There are several conditions associated with the NR2E3 gene, which include enhanced S-cone syndrome and retinitis pigmentosa 37. NR2E3-related conditions can be inherited in either an autosomal recessive (AR) way, which means both copies of the gene need to have a variation for someone to be affected; or in an autosomal dominant (AD) way, where a variation in only one copy of the gene is enough to cause symptoms.
Enhanced S-cone syndrome (ESCS) is autosomal recessive and causes increased numbers of S-cone photoreceptors in the retina - the part of the eyes that responds to light. Individuals with ESCS have increased sensitivity to blue light, experience progressive vision loss and night-blindness. Vision loss can be slowed down with treatment, however this condition cannot be cured.
Retinitis pigmentosa 37 (RP) can be either autosomal recessive or dominant and also affects the retina. The first sign of RP is often difficulty seeing in low light settings (night blindness), which usually occurs during childhood or adolescence. Vision loss is progressive and continues over years or decades. The severity of symptoms and age of onset varies by individual.
|Alternative Names:||ESCS, enhanced S-cone syndrome, retinitis pigmentosa 37|
As humans we have about 23,000 genes. These genes are like tiny instruction manuals that influence our health, growth and development. We inherit half of our genes from our biological mum and the other half from our biological dad. These genes are lined up on structures called chromosomes. Most of us have 23 pairs of chromosomes. The first 22 pairs are called autosomes and for the most part - these are the same among men and women. The 23rd pair determine our sex - two X chromosomes for a female and one X and one Y chromosome for males.

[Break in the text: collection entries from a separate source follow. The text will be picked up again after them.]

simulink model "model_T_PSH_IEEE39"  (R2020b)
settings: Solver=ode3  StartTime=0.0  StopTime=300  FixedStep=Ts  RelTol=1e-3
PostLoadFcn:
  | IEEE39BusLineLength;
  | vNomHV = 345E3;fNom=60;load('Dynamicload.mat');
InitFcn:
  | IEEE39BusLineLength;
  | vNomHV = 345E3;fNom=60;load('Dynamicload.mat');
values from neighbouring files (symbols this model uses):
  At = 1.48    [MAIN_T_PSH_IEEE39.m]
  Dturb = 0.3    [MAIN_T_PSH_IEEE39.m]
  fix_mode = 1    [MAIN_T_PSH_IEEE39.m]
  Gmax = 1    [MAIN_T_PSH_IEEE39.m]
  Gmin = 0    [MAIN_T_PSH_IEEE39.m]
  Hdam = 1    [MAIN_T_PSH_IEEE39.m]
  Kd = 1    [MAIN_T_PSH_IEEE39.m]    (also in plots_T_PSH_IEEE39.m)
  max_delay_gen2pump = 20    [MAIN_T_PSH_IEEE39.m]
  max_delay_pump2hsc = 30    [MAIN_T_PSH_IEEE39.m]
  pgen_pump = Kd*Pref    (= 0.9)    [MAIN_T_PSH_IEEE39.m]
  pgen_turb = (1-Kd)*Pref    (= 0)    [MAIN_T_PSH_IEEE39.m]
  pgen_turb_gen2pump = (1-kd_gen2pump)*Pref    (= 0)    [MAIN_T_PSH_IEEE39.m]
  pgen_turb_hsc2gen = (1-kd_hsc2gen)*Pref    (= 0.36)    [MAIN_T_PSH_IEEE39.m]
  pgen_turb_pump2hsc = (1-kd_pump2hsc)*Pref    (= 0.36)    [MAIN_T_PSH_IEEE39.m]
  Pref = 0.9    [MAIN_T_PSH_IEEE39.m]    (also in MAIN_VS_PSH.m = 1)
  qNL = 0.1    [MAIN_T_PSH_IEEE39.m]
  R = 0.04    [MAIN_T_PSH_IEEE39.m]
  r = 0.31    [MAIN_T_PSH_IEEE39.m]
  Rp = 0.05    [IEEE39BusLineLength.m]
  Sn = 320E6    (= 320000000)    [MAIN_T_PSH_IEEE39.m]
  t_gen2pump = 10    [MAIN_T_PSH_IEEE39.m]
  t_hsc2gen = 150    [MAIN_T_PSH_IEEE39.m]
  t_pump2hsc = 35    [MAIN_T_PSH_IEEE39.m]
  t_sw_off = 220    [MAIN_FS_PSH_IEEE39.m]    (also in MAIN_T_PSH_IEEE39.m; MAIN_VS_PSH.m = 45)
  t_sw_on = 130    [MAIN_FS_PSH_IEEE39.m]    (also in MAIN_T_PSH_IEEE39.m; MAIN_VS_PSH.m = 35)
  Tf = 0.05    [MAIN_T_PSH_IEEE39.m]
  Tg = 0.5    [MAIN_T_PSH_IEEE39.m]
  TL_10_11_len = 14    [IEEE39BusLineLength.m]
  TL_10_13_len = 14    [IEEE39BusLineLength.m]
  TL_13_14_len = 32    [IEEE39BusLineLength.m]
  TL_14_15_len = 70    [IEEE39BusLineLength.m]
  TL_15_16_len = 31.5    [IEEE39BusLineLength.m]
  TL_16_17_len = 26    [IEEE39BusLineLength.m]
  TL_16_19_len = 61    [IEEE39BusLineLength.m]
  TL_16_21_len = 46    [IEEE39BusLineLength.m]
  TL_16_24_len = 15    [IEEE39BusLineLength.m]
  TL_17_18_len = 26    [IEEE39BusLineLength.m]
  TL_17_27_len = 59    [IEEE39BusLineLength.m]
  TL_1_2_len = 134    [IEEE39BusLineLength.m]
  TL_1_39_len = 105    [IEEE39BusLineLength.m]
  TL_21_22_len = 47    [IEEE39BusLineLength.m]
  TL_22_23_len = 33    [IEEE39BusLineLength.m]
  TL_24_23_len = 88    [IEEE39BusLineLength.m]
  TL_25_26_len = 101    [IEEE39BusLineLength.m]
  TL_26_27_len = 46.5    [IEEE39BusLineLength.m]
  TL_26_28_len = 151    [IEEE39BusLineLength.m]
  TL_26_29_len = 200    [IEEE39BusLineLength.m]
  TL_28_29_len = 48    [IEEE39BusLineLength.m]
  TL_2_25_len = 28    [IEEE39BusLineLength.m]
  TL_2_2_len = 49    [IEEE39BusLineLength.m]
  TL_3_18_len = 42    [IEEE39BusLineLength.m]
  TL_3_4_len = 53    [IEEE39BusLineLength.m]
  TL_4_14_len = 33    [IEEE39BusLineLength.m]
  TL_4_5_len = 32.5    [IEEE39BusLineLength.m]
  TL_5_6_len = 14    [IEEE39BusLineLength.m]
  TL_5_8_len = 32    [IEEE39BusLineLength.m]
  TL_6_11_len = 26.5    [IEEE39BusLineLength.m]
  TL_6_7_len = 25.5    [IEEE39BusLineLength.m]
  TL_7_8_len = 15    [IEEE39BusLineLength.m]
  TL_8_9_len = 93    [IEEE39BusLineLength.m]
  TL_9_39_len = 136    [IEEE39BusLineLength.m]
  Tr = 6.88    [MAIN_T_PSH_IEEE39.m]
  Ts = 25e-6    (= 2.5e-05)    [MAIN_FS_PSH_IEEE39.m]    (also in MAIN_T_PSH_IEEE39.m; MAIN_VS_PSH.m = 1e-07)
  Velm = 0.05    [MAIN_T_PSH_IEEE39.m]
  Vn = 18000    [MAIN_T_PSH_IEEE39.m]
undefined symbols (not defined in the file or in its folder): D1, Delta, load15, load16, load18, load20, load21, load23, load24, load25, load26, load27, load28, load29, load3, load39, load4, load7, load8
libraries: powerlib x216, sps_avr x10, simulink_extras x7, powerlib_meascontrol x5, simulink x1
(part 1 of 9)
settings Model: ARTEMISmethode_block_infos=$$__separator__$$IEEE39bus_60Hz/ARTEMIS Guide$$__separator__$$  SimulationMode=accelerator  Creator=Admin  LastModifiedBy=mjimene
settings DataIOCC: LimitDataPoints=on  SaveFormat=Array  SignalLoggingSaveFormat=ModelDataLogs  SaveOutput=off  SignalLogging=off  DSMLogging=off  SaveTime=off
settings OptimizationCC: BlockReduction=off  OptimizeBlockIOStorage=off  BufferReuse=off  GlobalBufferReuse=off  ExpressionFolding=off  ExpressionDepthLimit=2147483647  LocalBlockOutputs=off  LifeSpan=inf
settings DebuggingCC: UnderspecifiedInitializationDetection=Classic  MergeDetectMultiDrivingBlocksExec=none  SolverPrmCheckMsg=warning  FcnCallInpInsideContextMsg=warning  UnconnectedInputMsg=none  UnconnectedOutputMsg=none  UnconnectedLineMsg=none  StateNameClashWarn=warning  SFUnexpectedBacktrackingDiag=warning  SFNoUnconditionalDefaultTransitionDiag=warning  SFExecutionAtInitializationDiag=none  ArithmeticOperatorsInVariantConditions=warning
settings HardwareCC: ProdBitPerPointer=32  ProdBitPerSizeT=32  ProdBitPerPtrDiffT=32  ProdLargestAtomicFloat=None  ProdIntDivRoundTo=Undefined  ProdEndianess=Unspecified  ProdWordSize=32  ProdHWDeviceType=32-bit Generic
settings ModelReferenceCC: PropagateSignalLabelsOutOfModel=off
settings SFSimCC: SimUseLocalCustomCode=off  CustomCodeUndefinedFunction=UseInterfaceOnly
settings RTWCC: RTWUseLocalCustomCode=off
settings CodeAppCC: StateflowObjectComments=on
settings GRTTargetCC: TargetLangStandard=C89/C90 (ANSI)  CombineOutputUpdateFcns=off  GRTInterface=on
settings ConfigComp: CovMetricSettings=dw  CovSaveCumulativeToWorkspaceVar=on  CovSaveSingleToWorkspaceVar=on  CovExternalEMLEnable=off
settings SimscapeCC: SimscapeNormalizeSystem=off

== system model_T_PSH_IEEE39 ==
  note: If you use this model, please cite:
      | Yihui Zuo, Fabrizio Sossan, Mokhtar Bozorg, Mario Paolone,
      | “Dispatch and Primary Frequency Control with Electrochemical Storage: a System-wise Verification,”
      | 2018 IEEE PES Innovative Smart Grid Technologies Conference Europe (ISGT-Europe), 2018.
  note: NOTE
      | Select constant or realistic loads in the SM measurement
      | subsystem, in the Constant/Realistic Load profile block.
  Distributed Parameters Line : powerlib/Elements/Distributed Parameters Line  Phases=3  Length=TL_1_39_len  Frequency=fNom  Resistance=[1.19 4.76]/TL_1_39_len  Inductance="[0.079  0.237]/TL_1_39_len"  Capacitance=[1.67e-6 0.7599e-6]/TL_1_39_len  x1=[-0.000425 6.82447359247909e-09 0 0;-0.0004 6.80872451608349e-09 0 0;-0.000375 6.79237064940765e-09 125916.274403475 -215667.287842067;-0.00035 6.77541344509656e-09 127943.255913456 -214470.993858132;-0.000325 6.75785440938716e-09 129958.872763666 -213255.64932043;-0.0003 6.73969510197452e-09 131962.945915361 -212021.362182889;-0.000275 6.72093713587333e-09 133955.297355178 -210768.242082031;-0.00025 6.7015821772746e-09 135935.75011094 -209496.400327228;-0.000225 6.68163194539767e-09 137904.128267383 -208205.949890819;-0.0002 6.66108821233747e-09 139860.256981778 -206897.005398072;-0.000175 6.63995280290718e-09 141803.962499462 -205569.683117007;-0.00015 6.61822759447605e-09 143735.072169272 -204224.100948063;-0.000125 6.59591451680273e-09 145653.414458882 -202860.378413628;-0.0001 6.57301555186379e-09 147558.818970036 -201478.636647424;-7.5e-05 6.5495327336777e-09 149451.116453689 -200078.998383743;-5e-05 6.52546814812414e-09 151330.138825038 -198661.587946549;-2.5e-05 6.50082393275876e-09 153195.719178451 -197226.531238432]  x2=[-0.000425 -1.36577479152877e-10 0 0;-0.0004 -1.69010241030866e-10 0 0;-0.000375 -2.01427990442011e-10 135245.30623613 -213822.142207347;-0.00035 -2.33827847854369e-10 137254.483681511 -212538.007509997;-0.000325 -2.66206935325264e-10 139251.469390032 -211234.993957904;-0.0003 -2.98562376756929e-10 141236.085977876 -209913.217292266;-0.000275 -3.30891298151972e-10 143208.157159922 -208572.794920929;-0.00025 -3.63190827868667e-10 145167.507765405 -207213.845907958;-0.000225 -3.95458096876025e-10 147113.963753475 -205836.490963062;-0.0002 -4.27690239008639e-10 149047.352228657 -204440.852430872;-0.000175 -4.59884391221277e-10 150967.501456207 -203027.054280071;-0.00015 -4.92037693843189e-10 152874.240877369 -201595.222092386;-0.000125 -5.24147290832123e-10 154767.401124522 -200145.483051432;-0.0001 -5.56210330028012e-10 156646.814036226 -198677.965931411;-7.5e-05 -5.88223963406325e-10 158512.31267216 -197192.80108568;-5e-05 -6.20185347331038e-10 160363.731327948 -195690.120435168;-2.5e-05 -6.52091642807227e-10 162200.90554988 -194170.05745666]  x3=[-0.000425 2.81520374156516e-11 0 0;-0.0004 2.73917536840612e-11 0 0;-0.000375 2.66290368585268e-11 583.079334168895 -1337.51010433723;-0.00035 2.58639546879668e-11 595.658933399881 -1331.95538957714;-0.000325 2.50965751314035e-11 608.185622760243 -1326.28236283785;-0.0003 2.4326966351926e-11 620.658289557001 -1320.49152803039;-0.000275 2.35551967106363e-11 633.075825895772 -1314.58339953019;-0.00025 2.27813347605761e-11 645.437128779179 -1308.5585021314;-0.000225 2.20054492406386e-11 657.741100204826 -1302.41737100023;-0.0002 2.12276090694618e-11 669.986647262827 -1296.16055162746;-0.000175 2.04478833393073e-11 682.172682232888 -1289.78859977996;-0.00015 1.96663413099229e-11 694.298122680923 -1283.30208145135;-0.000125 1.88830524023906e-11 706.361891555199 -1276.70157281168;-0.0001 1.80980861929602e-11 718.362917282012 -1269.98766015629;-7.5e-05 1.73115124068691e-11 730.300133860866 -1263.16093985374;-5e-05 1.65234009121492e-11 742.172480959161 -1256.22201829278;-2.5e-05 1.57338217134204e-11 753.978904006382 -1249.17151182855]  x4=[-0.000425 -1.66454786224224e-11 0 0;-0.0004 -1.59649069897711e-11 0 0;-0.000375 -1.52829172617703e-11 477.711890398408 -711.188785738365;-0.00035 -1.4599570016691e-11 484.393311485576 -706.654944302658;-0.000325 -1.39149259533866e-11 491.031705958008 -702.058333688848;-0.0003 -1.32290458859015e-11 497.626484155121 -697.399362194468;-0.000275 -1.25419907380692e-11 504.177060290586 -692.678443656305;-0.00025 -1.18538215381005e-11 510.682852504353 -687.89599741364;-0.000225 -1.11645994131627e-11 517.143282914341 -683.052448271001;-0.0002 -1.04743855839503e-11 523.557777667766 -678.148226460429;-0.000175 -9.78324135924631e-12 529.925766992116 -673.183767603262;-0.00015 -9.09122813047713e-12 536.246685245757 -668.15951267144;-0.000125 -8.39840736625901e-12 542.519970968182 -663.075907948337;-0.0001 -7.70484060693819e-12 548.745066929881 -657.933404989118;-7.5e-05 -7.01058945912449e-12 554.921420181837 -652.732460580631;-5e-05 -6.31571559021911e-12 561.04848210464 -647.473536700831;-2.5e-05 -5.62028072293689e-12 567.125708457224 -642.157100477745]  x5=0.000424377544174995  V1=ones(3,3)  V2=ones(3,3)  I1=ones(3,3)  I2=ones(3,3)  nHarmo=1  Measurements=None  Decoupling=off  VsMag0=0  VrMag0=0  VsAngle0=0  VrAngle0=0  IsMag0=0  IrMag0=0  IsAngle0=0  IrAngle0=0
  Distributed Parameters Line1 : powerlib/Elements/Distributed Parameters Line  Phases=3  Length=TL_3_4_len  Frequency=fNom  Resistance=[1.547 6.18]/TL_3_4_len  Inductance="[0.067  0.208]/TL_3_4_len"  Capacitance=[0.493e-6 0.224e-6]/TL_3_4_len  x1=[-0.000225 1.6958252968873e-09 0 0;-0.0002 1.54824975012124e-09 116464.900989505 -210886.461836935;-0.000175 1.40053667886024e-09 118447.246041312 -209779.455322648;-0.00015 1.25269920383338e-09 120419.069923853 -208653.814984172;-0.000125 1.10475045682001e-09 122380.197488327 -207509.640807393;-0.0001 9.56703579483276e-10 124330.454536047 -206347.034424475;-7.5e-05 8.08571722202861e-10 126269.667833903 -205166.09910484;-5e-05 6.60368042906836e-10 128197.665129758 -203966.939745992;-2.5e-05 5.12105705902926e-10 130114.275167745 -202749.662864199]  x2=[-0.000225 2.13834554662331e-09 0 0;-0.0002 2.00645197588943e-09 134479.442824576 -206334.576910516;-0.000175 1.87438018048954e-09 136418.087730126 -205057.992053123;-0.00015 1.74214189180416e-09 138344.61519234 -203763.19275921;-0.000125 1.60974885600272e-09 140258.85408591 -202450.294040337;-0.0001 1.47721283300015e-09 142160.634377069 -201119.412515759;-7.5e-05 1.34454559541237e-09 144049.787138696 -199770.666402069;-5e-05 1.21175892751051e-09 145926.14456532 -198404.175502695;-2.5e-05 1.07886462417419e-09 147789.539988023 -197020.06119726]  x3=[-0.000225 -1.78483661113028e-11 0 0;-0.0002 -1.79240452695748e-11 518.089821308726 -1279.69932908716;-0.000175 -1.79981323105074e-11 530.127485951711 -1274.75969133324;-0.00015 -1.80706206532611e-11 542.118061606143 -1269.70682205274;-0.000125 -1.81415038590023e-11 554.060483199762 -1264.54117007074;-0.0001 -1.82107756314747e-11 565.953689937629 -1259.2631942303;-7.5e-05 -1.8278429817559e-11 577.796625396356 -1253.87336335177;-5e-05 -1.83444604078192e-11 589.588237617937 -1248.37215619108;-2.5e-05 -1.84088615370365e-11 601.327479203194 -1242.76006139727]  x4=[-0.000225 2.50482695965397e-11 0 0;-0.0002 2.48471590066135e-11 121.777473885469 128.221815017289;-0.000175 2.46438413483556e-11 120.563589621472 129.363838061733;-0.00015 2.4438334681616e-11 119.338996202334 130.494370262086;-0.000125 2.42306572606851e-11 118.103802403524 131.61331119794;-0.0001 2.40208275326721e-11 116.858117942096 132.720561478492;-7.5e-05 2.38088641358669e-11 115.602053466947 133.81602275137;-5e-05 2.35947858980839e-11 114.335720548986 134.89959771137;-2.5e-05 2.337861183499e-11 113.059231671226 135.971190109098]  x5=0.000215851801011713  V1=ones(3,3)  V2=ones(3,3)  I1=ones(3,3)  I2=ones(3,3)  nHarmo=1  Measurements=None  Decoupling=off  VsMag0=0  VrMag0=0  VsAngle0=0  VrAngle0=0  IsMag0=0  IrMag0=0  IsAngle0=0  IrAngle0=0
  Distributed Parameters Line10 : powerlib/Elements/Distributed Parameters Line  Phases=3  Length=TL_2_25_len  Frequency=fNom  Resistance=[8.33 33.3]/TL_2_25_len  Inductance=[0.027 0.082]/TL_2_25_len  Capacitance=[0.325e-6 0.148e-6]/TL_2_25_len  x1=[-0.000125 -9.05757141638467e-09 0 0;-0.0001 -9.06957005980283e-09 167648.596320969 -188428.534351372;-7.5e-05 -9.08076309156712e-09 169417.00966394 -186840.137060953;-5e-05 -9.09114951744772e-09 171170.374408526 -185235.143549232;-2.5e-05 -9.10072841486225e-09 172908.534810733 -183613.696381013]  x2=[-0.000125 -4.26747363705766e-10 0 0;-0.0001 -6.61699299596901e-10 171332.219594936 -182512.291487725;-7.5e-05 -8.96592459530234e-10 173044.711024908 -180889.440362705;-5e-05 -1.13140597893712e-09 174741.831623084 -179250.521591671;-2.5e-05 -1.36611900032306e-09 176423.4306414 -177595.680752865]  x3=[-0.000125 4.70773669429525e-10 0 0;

NR2E3-related conditions (including enhanced S-cone syndrome) is known as an autosomal recessive condition. For autosomal recessive conditions, if a person has a variation in one copy of their gene, they are a carrier. This means that they are healthy because they also have a working copy of the gene. But, they can still pass their non-working copy to their child.
If the other parent also happens to be a carrier of the same gene, there is a 25% (1 in 4) chance that they both pass this gene variation on to their child — and as such, have a child affected by the disease.
If both parents are carriers of NR2E3-related conditions (including enhanced S-cone syndrome), there’s a one in four chance that their children could develop symptoms.
Carrier testing is like a checkup for your genes. It tests to see if you carry a gene variation that could cause a serious genetic disease in your child. Eugene offers an inclusive genetic carrier screening panel that includes NR2E3-related conditions (including enhanced S-cone syndrome), but there's a total 301 conditions that can be tested.
Eugene’s carrier test is a clinical grade test that can be done from the comfort of your own home — it’s just a saliva test. You're also paired with a genetic counsellor who provides mindful support and guidance every step of the way.Learn more about carrier screening
The biggest benefit of screening for NR2E3-related conditions (including enhanced S-cone syndrome) is that it can help future parents understand their reproductive risk so they can be ready and empowered to make more informed decisions. If neither partner are carriers, it provides reassurance and peace of mind that the risk of having a child with a genetic disease is low.
Since 90% of children that have a recessive genetic disease like NR2E3-related conditions (including enhanced S-cone syndrome) had no previous family history of it, it often feels completely out of the blue for the parents. Getting screened is a way to know this risk in advance, which can help familes manage or even prevent the disease in the first place.